This round-up highlights the two most talked about recent topics in the Sudanese blogosphere.
Let's get started with the release of the Sudanese al-Jazeera journalist Sami al-Hajj from Guantanamo Bay where he was held for six years without trial.
Eman was evidently happy:
إنتو حاسيـــن بالأنا حاسة بيهه؟؟
هل إنتو مبسوطيــــن زيي كدة؟؟؟
She asks “can you feel what I'm feeling?? Are you as happy as I am??”
Drima had this to say about the matter:
I’ve held a very simple position on this matter. Give the man a fair trial, and if he’s found guilty, lock him up behind bars for as long as possible. If he is found innocent, release him as soon as possible. That’s it. Full stop. Is that too much to ask?
Amjad blogged about Sami's release but then removed his post for a vague reason stated below:
I just want to point out that the post of Sami Al-Hajj's interview which I posted 2 nights ago is now removed. The post took another path other than the one it was opened for, and hence I thought it would be best to close it to avoid that path it was not opened for.
We believe that Sami Al-Hajj was released on humanitarian basis and we should all just hope that the entire world lives in peace regardless of race, religion or politics.
Daana, just like Eman, was also happy after hearing the news of the release:
Sami al Hajj is free….after 6 years in Guantanamo Bay
I haven't been this happy in a while
And now, let's move on to the news about the attacks on Khartoum, Sudan's capital. Drima blogged a thorough coverage of what happened:
The Darfurian rebel group Justice and Equality Movement mounted a bold attack on Khartoum less than two days ago but was stopped at the outskirts of the city by the Sudanese Armed Forces. It was a big battle involving helicopters and significant aerial bombardment.
… There are very mixed and heated Sudanese sentiments over this daring move with some (mainly the Southern Sudanese and some Darfurians) staunchly supporting it and others against it.
As for me, I strongly condemn the attack. The United States and the UN have condemned it too. I’m glad they’ve made it clear they won’t accept this kind of behavior. It undermines all efforts aimed at implementing the Comprehensive Peace Agreement and finding a political solution for Darfur.

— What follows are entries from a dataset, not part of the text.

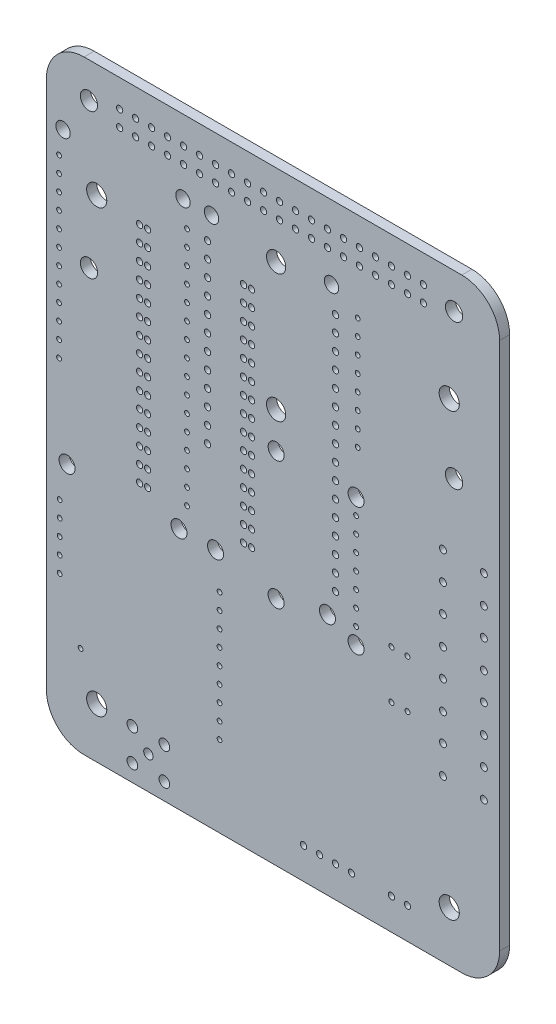
from build123d import *

# Parameters (mm, degrees)
SKETCH1_R           = 1.375
SKETCH1_R_2         = 0.5
SKETCH1_R_3         = 1.6
SKETCH1_R_4         = 0.381
SKETCH1_R_5         = 1.143
SKETCH1_R_6         = 1.524
SKETCH1_R_7         = 0.55
SKETCH1_R_8         = 1.27
SKETCH1_R_9         = 0.4
SKETCH1_R_10        = 0.85
SKETCH1_R_11        = 0.75
BOSS_EXTRUDE1_DEPTH = 1.6


with BuildPart() as part:
    # Sketch1 → Boss-Extrude1 (new body)
    with BuildSketch(Plane.XY.offset(1.6)):
        with BuildLine():
            Line((35, -118), (95, -118))
            ThreePointArc((95, -118), (99.242640687, -116.242640687), (101, -112))
            Line((101, -112), (101, -28))
            ThreePointArc((101, -28), (99.242640687, -23.757359313), (95, -22))
            Line((95, -22), (35, -22))
            ThreePointArc((35, -22), (30.757359313, -23.757359313), (29, -28))
            Line((29, -28), (29, -112))
            ThreePointArc((29, -112), (30.757359313, -116.242640687), (35, -118))
        make_face()
        with Locations((93.77, -27.62)):
            Circle(SKETCH1_R, mode=Mode.SUBTRACT)
        with Locations((88.9, -26.35)):
            Circle(SKETCH1_R_2, mode=Mode.SUBTRACT)
        with Locations((86.36, -26.35)):
            Circle(SKETCH1_R_2, mode=Mode.SUBTRACT)
        with Locations((88.9, -28.89)):
            Circle(SKETCH1_R_2, mode=Mode.SUBTRACT)
        with Locations((86.36, -28.89)):
            Circle(SKETCH1_R_2, mode=Mode.SUBTRACT)
        with Locations((83.82, -26.35)):
            Circle(SKETCH1_R_2, mode=Mode.SUBTRACT)
        with Locations((83.82, -28.89)):
            Circle(SKETCH1_R_2, mode=Mode.SUBTRACT)
        with Locations((93, -40)):
            Circle(SKETCH1_R_3, mode=Mode.SUBTRACT)
        with Locations((81.28, -26.35)):
            Circle(SKETCH1_R_2, mode=Mode.SUBTRACT)
        with Locations((78.74, -26.35)):
            Circle(SKETCH1_R_2, mode=Mode.SUBTRACT)
        with Locations((81.28, -28.89)):
            Circle(SKETCH1_R_2, mode=Mode.SUBTRACT)
        with Locations((78.74, -28.89)):
            Circle(SKETCH1_R_2, mode=Mode.SUBTRACT)
        with Locations((76.2, -26.35)):
            Circle(SKETCH1_R_2, mode=Mode.SUBTRACT)
        with Locations((73.66, -26.35)):
            Circle(SKETCH1_R_2, mode=Mode.SUBTRACT)
        with Locations((76.2, -28.89)):
            Circle(SKETCH1_R_2, mode=Mode.SUBTRACT)
        with Locations((73.66, -28.89)):
            Circle(SKETCH1_R_2, mode=Mode.SUBTRACT)
        with Locations((78.454, -36.195)):
            Circle(SKETCH1_R_4, mode=Mode.SUBTRACT)
        with Locations((74.295, -33.655)):
            Circle(SKETCH1_R_5, mode=Mode.SUBTRACT)
        with Locations((71.12, -26.35)):
            Circle(SKETCH1_R_2, mode=Mode.SUBTRACT)
        with Locations((71.12, -28.89)):
            Circle(SKETCH1_R_2, mode=Mode.SUBTRACT)
        with Locations((68.58, -26.35)):
            Circle(SKETCH1_R_2, mode=Mode.SUBTRACT)
        with Locations((66.04, -26.35)):
            Circle(SKETCH1_R_2, mode=Mode.SUBTRACT)
        with Locations((68.58, -28.89)):
            Circle(SKETCH1_R_2, mode=Mode.SUBTRACT)
        with Locations((66.04, -28.89)):
            Circle(SKETCH1_R_2, mode=Mode.SUBTRACT)
        with Locations((65.5, -34.925)):
            Circle(SKETCH1_R_6, mode=Mode.SUBTRACT)
        with Locations((78.454, -38.735)):
            Circle(SKETCH1_R_4, mode=Mode.SUBTRACT)
        with Locations((78.454, -41.275)):
            Circle(SKETCH1_R_4, mode=Mode.SUBTRACT)
        with Locations((74.93, -37.465)):
            Circle(SKETCH1_R_2, mode=Mode.SUBTRACT)
        with Locations((74.93, -40.005)):
            Circle(SKETCH1_R_2, mode=Mode.SUBTRACT)
        with Locations((74.93, -42.545)):
            Circle(SKETCH1_R_2, mode=Mode.SUBTRACT)
        with Locations((78.454, -43.815)):
            Circle(SKETCH1_R_4, mode=Mode.SUBTRACT)
        with Locations((78.454, -46.355)):
            Circle(SKETCH1_R_4, mode=Mode.SUBTRACT)
        with Locations((74.93, -45.085)):
            Circle(SKETCH1_R_2, mode=Mode.SUBTRACT)
        with Locations((74.93, -47.625)):
            Circle(SKETCH1_R_2, mode=Mode.SUBTRACT)
        with Locations((93.77, -50.62)):
            Circle(SKETCH1_R, mode=Mode.SUBTRACT)
        with Locations((98.5, -61.25)):
            Circle(SKETCH1_R_7, mode=Mode.SUBTRACT)
        with Locations((92, -61.25)):
            Circle(SKETCH1_R_7, mode=Mode.SUBTRACT)
        with Locations((98.5, -65.75)):
            Circle(SKETCH1_R_7, mode=Mode.SUBTRACT)
        with Locations((98.5, -70.14)):
            Circle(SKETCH1_R_7, mode=Mode.SUBTRACT)
        with Locations((92, -65.75)):
            Circle(SKETCH1_R_7, mode=Mode.SUBTRACT)
        with Locations((92, -70.14)):
            Circle(SKETCH1_R_7, mode=Mode.SUBTRACT)
        with Locations((78.454, -48.895)):
            Circle(SKETCH1_R_4, mode=Mode.SUBTRACT)
        with Locations((78.454, -51.435)):
            Circle(SKETCH1_R_4, mode=Mode.SUBTRACT)
        with Locations((78.454, -53.975)):
            Circle(SKETCH1_R_4, mode=Mode.SUBTRACT)
        with Locations((74.93, -50.165)):
            Circle(SKETCH1_R_2, mode=Mode.SUBTRACT)
        with Locations((74.93, -52.705)):
            Circle(SKETCH1_R_2, mode=Mode.SUBTRACT)
        with Locations((74.93, -55.245)):
            Circle(SKETCH1_R_2, mode=Mode.SUBTRACT)
        with Locations((74.93, -57.785)):
            Circle(SKETCH1_R_2, mode=Mode.SUBTRACT)
        with Locations((65.5, -55.245)):
            Circle(SKETCH1_R_6, mode=Mode.SUBTRACT)
        with Locations((78.2, -60.96)):
            Circle(SKETCH1_R_8, mode=Mode.SUBTRACT)
        with Locations((78.2, -63.5)):
            Circle(SKETCH1_R_4, mode=Mode.SUBTRACT)
        with Locations((74.93, -60.325)):
            Circle(SKETCH1_R_2, mode=Mode.SUBTRACT)
        with Locations((74.93, -62.865)):
            Circle(SKETCH1_R_2, mode=Mode.SUBTRACT)
        with Locations((78.2, -66.04)):
            Circle(SKETCH1_R_4, mode=Mode.SUBTRACT)
        with Locations((78.2, -68.58)):
            Circle(SKETCH1_R_4, mode=Mode.SUBTRACT)
        with Locations((74.93, -65.405)):
            Circle(SKETCH1_R_2, mode=Mode.SUBTRACT)
        with Locations((74.93, -67.945)):
            Circle(SKETCH1_R_2, mode=Mode.SUBTRACT)
        with Locations((74.93, -70.485)):
            Circle(SKETCH1_R_2, mode=Mode.SUBTRACT)
        with Locations((65.5, -60.96)):
            Circle(SKETCH1_R_8, mode=Mode.SUBTRACT)
        with Locations((63.5, -26.35)):
            Circle(SKETCH1_R_2, mode=Mode.SUBTRACT)
        with Locations((60.96, -26.35)):
            Circle(SKETCH1_R_2, mode=Mode.SUBTRACT)
        with Locations((63.5, -28.89)):
            Circle(SKETCH1_R_2, mode=Mode.SUBTRACT)
        with Locations((60.96, -28.89)):
            Circle(SKETCH1_R_2, mode=Mode.SUBTRACT)
        with Locations((58.42, -26.35)):
            Circle(SKETCH1_R_2, mode=Mode.SUBTRACT)
        with Locations((58.42, -28.89)):
            Circle(SKETCH1_R_2, mode=Mode.SUBTRACT)
        with Locations((55.88, -26.35)):
            Circle(SKETCH1_R_2, mode=Mode.SUBTRACT)
        with Locations((53.34, -26.35)):
            Circle(SKETCH1_R_2, mode=Mode.SUBTRACT)
        with Locations((55.88, -28.89)):
            Circle(SKETCH1_R_2, mode=Mode.SUBTRACT)
        with Locations((53.34, -28.89)):
            Circle(SKETCH1_R_2, mode=Mode.SUBTRACT)
        with Locations((50.8, -26.35)):
            Circle(SKETCH1_R_2, mode=Mode.SUBTRACT)
        with Locations((48.26, -26.35)):
            Circle(SKETCH1_R_2, mode=Mode.SUBTRACT)
        with Locations((50.8, -28.89)):
            Circle(SKETCH1_R_2, mode=Mode.SUBTRACT)
        with Locations((48.26, -28.89)):
            Circle(SKETCH1_R_2, mode=Mode.SUBTRACT)
        with Locations((55.245, -33.655)):
            Circle(SKETCH1_R_5, mode=Mode.SUBTRACT)
        with Locations((50.705, -33.655)):
            Circle(SKETCH1_R_5, mode=Mode.SUBTRACT)
        with Locations((61.595, -40.64)):
            Circle(SKETCH1_R_2, mode=Mode.SUBTRACT)
        with Locations((60.325, -40.64)):
            Circle(SKETCH1_R_2, mode=Mode.SUBTRACT)
        with Locations((61.595, -43.18)):
            Circle(SKETCH1_R_2, mode=Mode.SUBTRACT)
        with Locations((61.595, -45.72)):
            Circle(SKETCH1_R_2, mode=Mode.SUBTRACT)
        with Locations((61.595, -48.26)):
            Circle(SKETCH1_R_2, mode=Mode.SUBTRACT)
        with Locations((60.325, -43.18)):
            Circle(SKETCH1_R_2, mode=Mode.SUBTRACT)
        with Locations((60.325, -45.72)):
            Circle(SKETCH1_R_2, mode=Mode.SUBTRACT)
        with Locations((60.325, -48.26)):
            Circle(SKETCH1_R_2, mode=Mode.SUBTRACT)
        with Locations((54.61, -37.465)):
            Circle(SKETCH1_R_2, mode=Mode.SUBTRACT)
        with Locations((54.61, -40.005)):
            Circle(SKETCH1_R_2, mode=Mode.SUBTRACT)
        with Locations((54.61, -42.545)):
            Circle(SKETCH1_R_2, mode=Mode.SUBTRACT)
        with Locations((51.34, -37.465)):
            Circle(SKETCH1_R_4, mode=Mode.SUBTRACT)
        with Locations((51.34, -40.005)):
            Circle(SKETCH1_R_4, mode=Mode.SUBTRACT)
        with Locations((51.34, -42.545)):
            Circle(SKETCH1_R_4, mode=Mode.SUBTRACT)
        with Locations((54.61, -45.085)):
            Circle(SKETCH1_R_2, mode=Mode.SUBTRACT)
        with Locations((54.61, -47.625)):
            Circle(SKETCH1_R_2, mode=Mode.SUBTRACT)
        with Locations((51.34, -45.085)):
            Circle(SKETCH1_R_4, mode=Mode.SUBTRACT)
        with Locations((51.34, -47.625)):
            Circle(SKETCH1_R_4, mode=Mode.SUBTRACT)
        with Locations((45.72, -26.35)):
            Circle(SKETCH1_R_2, mode=Mode.SUBTRACT)
        with Locations((45.72, -28.89)):
            Circle(SKETCH1_R_2, mode=Mode.SUBTRACT)
        with Locations((43.18, -26.35)):
            Circle(SKETCH1_R_2, mode=Mode.SUBTRACT)
        with Locations((40.64, -26.35)):
            Circle(SKETCH1_R_2, mode=Mode.SUBTRACT)
        with Locations((43.18, -28.89)):
            Circle(SKETCH1_R_2, mode=Mode.SUBTRACT)
        with Locations((40.64, -28.89)):
            Circle(SKETCH1_R_2, mode=Mode.SUBTRACT)
        with Locations((35.77, -27.62)):
            Circle(SKETCH1_R, mode=Mode.SUBTRACT)
        with Locations((31.655, -33.655)):
            Circle(SKETCH1_R_5, mode=Mode.SUBTRACT)
        with Locations((45.085, -40.64)):
            Circle(SKETCH1_R_2, mode=Mode.SUBTRACT)
        with Locations((43.815, -40.64)):
            Circle(SKETCH1_R_2, mode=Mode.SUBTRACT)
        with Locations((45.085, -43.18)):
            Circle(SKETCH1_R_2, mode=Mode.SUBTRACT)
        with Locations((43.815, -43.18)):
            Circle(SKETCH1_R_2, mode=Mode.SUBTRACT)
        with Locations((45.085, -45.72)):
            Circle(SKETCH1_R_2, mode=Mode.SUBTRACT)
        with Locations((43.815, -45.72)):
            Circle(SKETCH1_R_2, mode=Mode.SUBTRACT)
        with Locations((45.085, -48.26)):
            Circle(SKETCH1_R_2, mode=Mode.SUBTRACT)
        with Locations((43.815, -48.26)):
            Circle(SKETCH1_R_2, mode=Mode.SUBTRACT)
        with Locations((37, -40)):
            Circle(SKETCH1_R_3, mode=Mode.SUBTRACT)
        with Locations((31.02, -37.465)):
            Circle(SKETCH1_R_4, mode=Mode.SUBTRACT)
        with Locations((31.02, -40.005)):
            Circle(SKETCH1_R_4, mode=Mode.SUBTRACT)
        with Locations((31.02, -42.545)):
            Circle(SKETCH1_R_4, mode=Mode.SUBTRACT)
        with Locations((31.02, -45.085)):
            Circle(SKETCH1_R_4, mode=Mode.SUBTRACT)
        with Locations((31.02, -47.625)):
            Circle(SKETCH1_R_4, mode=Mode.SUBTRACT)
        with Locations((61.595, -50.8)):
            Circle(SKETCH1_R_2, mode=Mode.SUBTRACT)
        with Locations((61.595, -53.34)):
            Circle(SKETCH1_R_2, mode=Mode.SUBTRACT)
        with Locations((60.325, -50.8)):
            Circle(SKETCH1_R_2, mode=Mode.SUBTRACT)
        with Locations((60.325, -53.34)):
            Circle(SKETCH1_R_2, mode=Mode.SUBTRACT)
        with Locations((61.595, -55.88)):
            Circle(SKETCH1_R_2, mode=Mode.SUBTRACT)
        with Locations((61.595, -58.42)):
            Circle(SKETCH1_R_2, mode=Mode.SUBTRACT)
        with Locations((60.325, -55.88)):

Andrew Heavens, a freelance writer based in Khartoum made a nice list of the possible reasons behind the attack:
- A bloody PR move to get JEM some headlines
- Retribution – to bring some of Darfur's suffering to Khartoum
- Humiliation of Khartoum and exposure of holes in its security system
- Chad-backed revenge for the two Khartoum-backed rebel raids on N'Djamena
- The move of a mad, power-hungry warlord
- A move to break the stalemate in the Darfur peace process AKA Operation Longarm
- Distraction while JEM prepares for an offensive on El Geneina
- A genuine coup attempt
- The first stages of a coup attempt to test for support among army and opposition
- Creating chaos in the capital leading to the breakdown of the state
The rebels are in the capital. Yes, innocent civilians are going to die and destroying the capital is not going to help the crises in Darfur in anyway, but it was going to happen…sooner or later.
What to do?
We need a transitional government right now, Bashir needs to STEP DOWN!
Hand over the power to a transitional government for the next year, until the 2009 elections.
If the government doesn't take this seriously and implement the darfur peace agreement, the whole country is going to collapse.
If the concerned international community cares about Sudan, they should pressure the government to step down.
She also posted the following pictures of the aftermath of the attack:
Meanwhile, JohnAkec published a long post about peace in South Sudan.